[Opening RECORDS PROVIDED section]
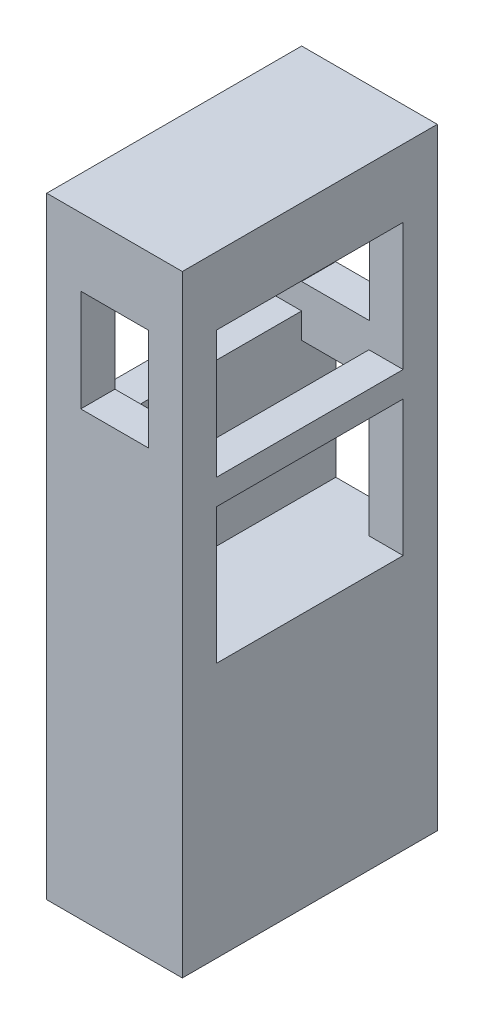
SolidWorks part; units mm, degrees
material "1023 Carbon Steel Sheet (SS)"
ref_plane "Front Plane" through (0, 0, 0) normal (0, 0, 1) x (1, 0, 0)
ref_plane "Top Plane" through (0, 0, 0) normal (0, 1, 0) x (1, 0, 0)
ref_plane "Right Plane" through (0, 0, 0) normal (1, 0, 0) x (0, 0, -1)
sketch "Sketch2" plane through (0, 0, 0) normal (0, 0, 1) x (1, 0, 0)
  line L1 (0, 0) -> (2660, 0)
  line L2 (0, 0) -> (0, 12000)
  line L3 (0, 12000) -> (2660, 12000)
  line L4 (2660, 0) -> (2660, 12000)
  dimension "D1" = 2660
  dimension "D2" = 12000
extrude "Boss-Extrude1" add sketch "Sketch2" along normal blind 5000 contours L2 L1 L4 L3
sketch "Sketch3" plane through (0, 0, 5000) normal (0, 0, 1) x (1, 0, 0)
  line L0 (0, 12000) -> (2660, 12000) construction
  line L1 (667.5, 10670) -> (1997.5, 10670)
  line L2 (667.5, 10670) -> (667.5, 8670)
  line L3 (667.5, 8670) -> (1997.5, 8670)
  line L4 (1997.5, 10670) -> (1997.5, 8670)
  line L6 (0, 0) -> (0, 12000) construction
  dimension "D1" = 1330
  dimension "D2" = 2000
  dimension "D3" = 667.5
  dimension "D4" = 1330
extrude "Cut-Extrude1" cut sketch "Sketch3" against normal blind 5000
sketch "Sketch4" plane through (2660, 0, 0) normal (1, 0, 0) x (0, 0, -1)
  line L0 (-5000, 12000) -> (0, 12000) construction
  line L1 (-4330, 10670) -> (-670, 10670)
  line L2 (-4330, 10670) -> (-4330, 8170)
  line L3 (-4330, 8170) -> (-670, 8170)
  line L4 (-670, 10670) -> (-670, 8170)
  line L5 (-5000, 0) -> (-5000, 12000) construction
  point P4 (-2500, 10670)
  dimension "D1" = 1330
  dimension "D2" = 2500
  dimension "D3" = 3660
  dimension "D4" = 670
extrude "Cut-Extrude2" cut sketch "Sketch4" against normal through all contours L2 L1 L4 L3
sketch "Sketch6" plane through (0, 8170, 0) normal (0, 1, 0) x (1, 0, 0)
  line L0 (0, -4330) -> (2660, -4330) construction
  line L1 (1990, -4330) -> (670, -4330)
  line L2 (1990, -4330) -> (1990, -670)
  line L3 (1990, -670) -> (670, -670)
  line L4 (670, -4330) -> (670, -670)
  line L5 (2660, -4330) -> (2660, -670) construction
  line L6 (0, -4330) -> (0, -670) construction
  line L7 (0, -670) -> (2660, -670) construction
  dimension "D1" = 670
  dimension "D2" = 670
  dimension "D3" = 0
extrude "Cut-Extrude3" cut sketch "Sketch6" against normal blind 2660
sketch "Sketch7" plane through (0, 0, 0) normal (0, 0, -1) x (-1, 0, 0)
  line L1 (-1990, 7670) -> (-667.5, 7670)
  line L2 (-1990, 7670) -> (-1990, 5010)
  line L3 (-1990, 5010) -> (-667.5, 5010)
  line L4 (-667.5, 7670) -> (-667.5, 5010)
  line L5 (-667.5, 8670) -> (-1997.5, 8670) construction
  line L6 (-2660, 0) -> (-2660, 12000) construction
  dimension "D1" = 0
  dimension "D2" = 1000
  dimension "D3" = 2660
  dimension "D4" = 670
extrude "Cut-Extrude6" cut sketch "Sketch7" against normal blind 4269 and the other way through all
sketch "Sketch8" plane through (0, 0, 4269) normal (0, 0, -1) x (-1, 0, 0)
  line L1 (-1990, 5510) -> (-667.5, 5510)
  line L2 (-1990, 5510) -> (-1990, 5010)
  line L3 (-1990, 5010) -> (-667.5, 5010)
  line L4 (-667.5, 5510) -> (-667.5, 5010)
extrude "Cut-Extrude7" cut sketch "Sketch8" against normal up to vertex (61 mm away)
sketch "Sketch11" plane through (667.5, 0, 0) normal (1, 0, 0) x (0, 0, -1)
  line L1 (-4269, 7670) -> (0, 7670)
  line L2 (-4269, 7670) -> (-4269, 5010)
  line L3 (-4269, 5010) -> (0, 5010)
  line L4 (0, 7670) -> (0, 5010)
extrude "Boss-Extrude2" add sketch "Sketch11" along normal up to vertex
sketch "Sketch12" plane through (667.5, 0, 0) normal (1, 0, 0) x (0, 0, -1)
  line L0 (-4269, 5510) -> (-4269, 5010) construction
  line L1 (-4330, 5510) -> (-4269, 5510)
  line L2 (-4330, 5510) -> (-4330, 5010)
  line L3 (-4330, 5010) -> (-4269, 5010)
  line L4 (-4269, 5510) -> (-4269, 5010)
extrude "Boss-Extrude3" add sketch "Sketch12" along normal up to vertex (2.5 mm away) up to point (670, 5510, 4269)
sketch "Sketch13" plane through (2660, 0, 0) normal (1, 0, 0) x (0, 0, -1)
  line L0 (-4330, 10670) -> (-4330, 8170) construction
  line L1 (-670, 5010) -> (-4341.6515, 5010)
  line L2 (-670, 5010) -> (-670, 7670)
  line L3 (-670, 7670) -> (-4341.6515, 7670)
  line L4 (-4341.6515, 5010) -> (-4341.6515, 7670)
  line L5 (-670, 10670) -> (-670, 8170) construction
extrude "Cut-Extrude8" cut sketch "Sketch13" against normal up to vertex (670 mm away) contours L2 L1 L4 L3
sketch "Sketch14" plane through (0, 0, 4341.6515) normal (0, 0, -1) x (-1, 0, 0)
  line L0 (-1990, 5010) -> (-2660, 5010) construction
  line L1 (-2660, 7670) -> (-1990, 7670)
  line L2 (-2660, 7670) -> (-2660, 5010)
  line L3 (-2660, 5010) -> (-1990, 5010)
  line L4 (-1990, 7670) -> (-1990, 5010)
  line L5 (-1990, 5010) -> (-1990, 7670) construction
extrude "Boss-Extrude4" add sketch "Sketch14" along normal up to vertex (11.6515 mm away) up to point (1990, 7670, 4330)
sketch "Sketch15" plane through (0, 0, 0) normal (0, 0, -1) x (-1, 0, 0)
sketch "Sketch16" plane through (0, 10670, 0) normal (0, -1, 0) x (1, 0, 0)
  line L0 (1997.5, 4330) -> (2660, 4330) construction
  line L1 (2460, 4330) -> (200, 4330)
  line L2 (2460, 4330) -> (2460, 670)
  line L3 (2460, 670) -> (200, 670)
  line L4 (200, 4330) -> (200, 670)
  line L5 (0, 670) -> (667.5, 670) construction
  line L6 (0, 4330) -> (0, 670) construction
  line L7 (2660, 4330) -> (2660, 670) construction
  dimension "D1" = 200
  dimension "D2" = 200
extrude "Cut-Extrude9" cut sketch "Sketch16" against normal blind 1000 contours L2 L1 L4 L3
sketch "Sketch17" plane through (0, 0, 0) normal (0, -1, 0) x (1, 0, 0)
  line L0 (2660, 5000) -> (2660, 0) construction
  line L1 (2160, 4500) -> (500, 4500)
  line L2 (2160, 4500) -> (2160, 500)
  line L3 (2160, 500) -> (500, 500)
  line L4 (500, 4500) -> (500, 500)
  line L5 (0, 5000) -> (0, 0) construction
  line L6 (0, 0) -> (2660, 0) construction
  line L7 (0, 5000) -> (2660, 5000) construction
  dimension "D1" = 500
  dimension "D2" = 500
  dimension "D3" = 500
  dimension "D4" = 500
extrude "Cut-Extrude10" cut sketch "Sketch17" against normal blind 4500
[Closing RECORDS PROVIDED section]
▶ **REQUIRED ACTION**: Go through the entries and report every line with the string "along".

▶ **RESULT BELOW**:
extrude "Boss-Extrude1" add sketch "Sketch2" along normal blind 5000 contours L2 L1 L4 L3
extrude "Boss-Extrude2" add sketch "Sketch11" along normal up to vertex
extrude "Boss-Extrude3" add sketch "Sketch12" along normal up to vertex (2.5 mm away) up to point (670, 5510, 4269)
extrude "Boss-Extrude4" add sketch "Sketch14" along normal up to vertex (11.6515 mm away) up to point (1990, 7670, 4330)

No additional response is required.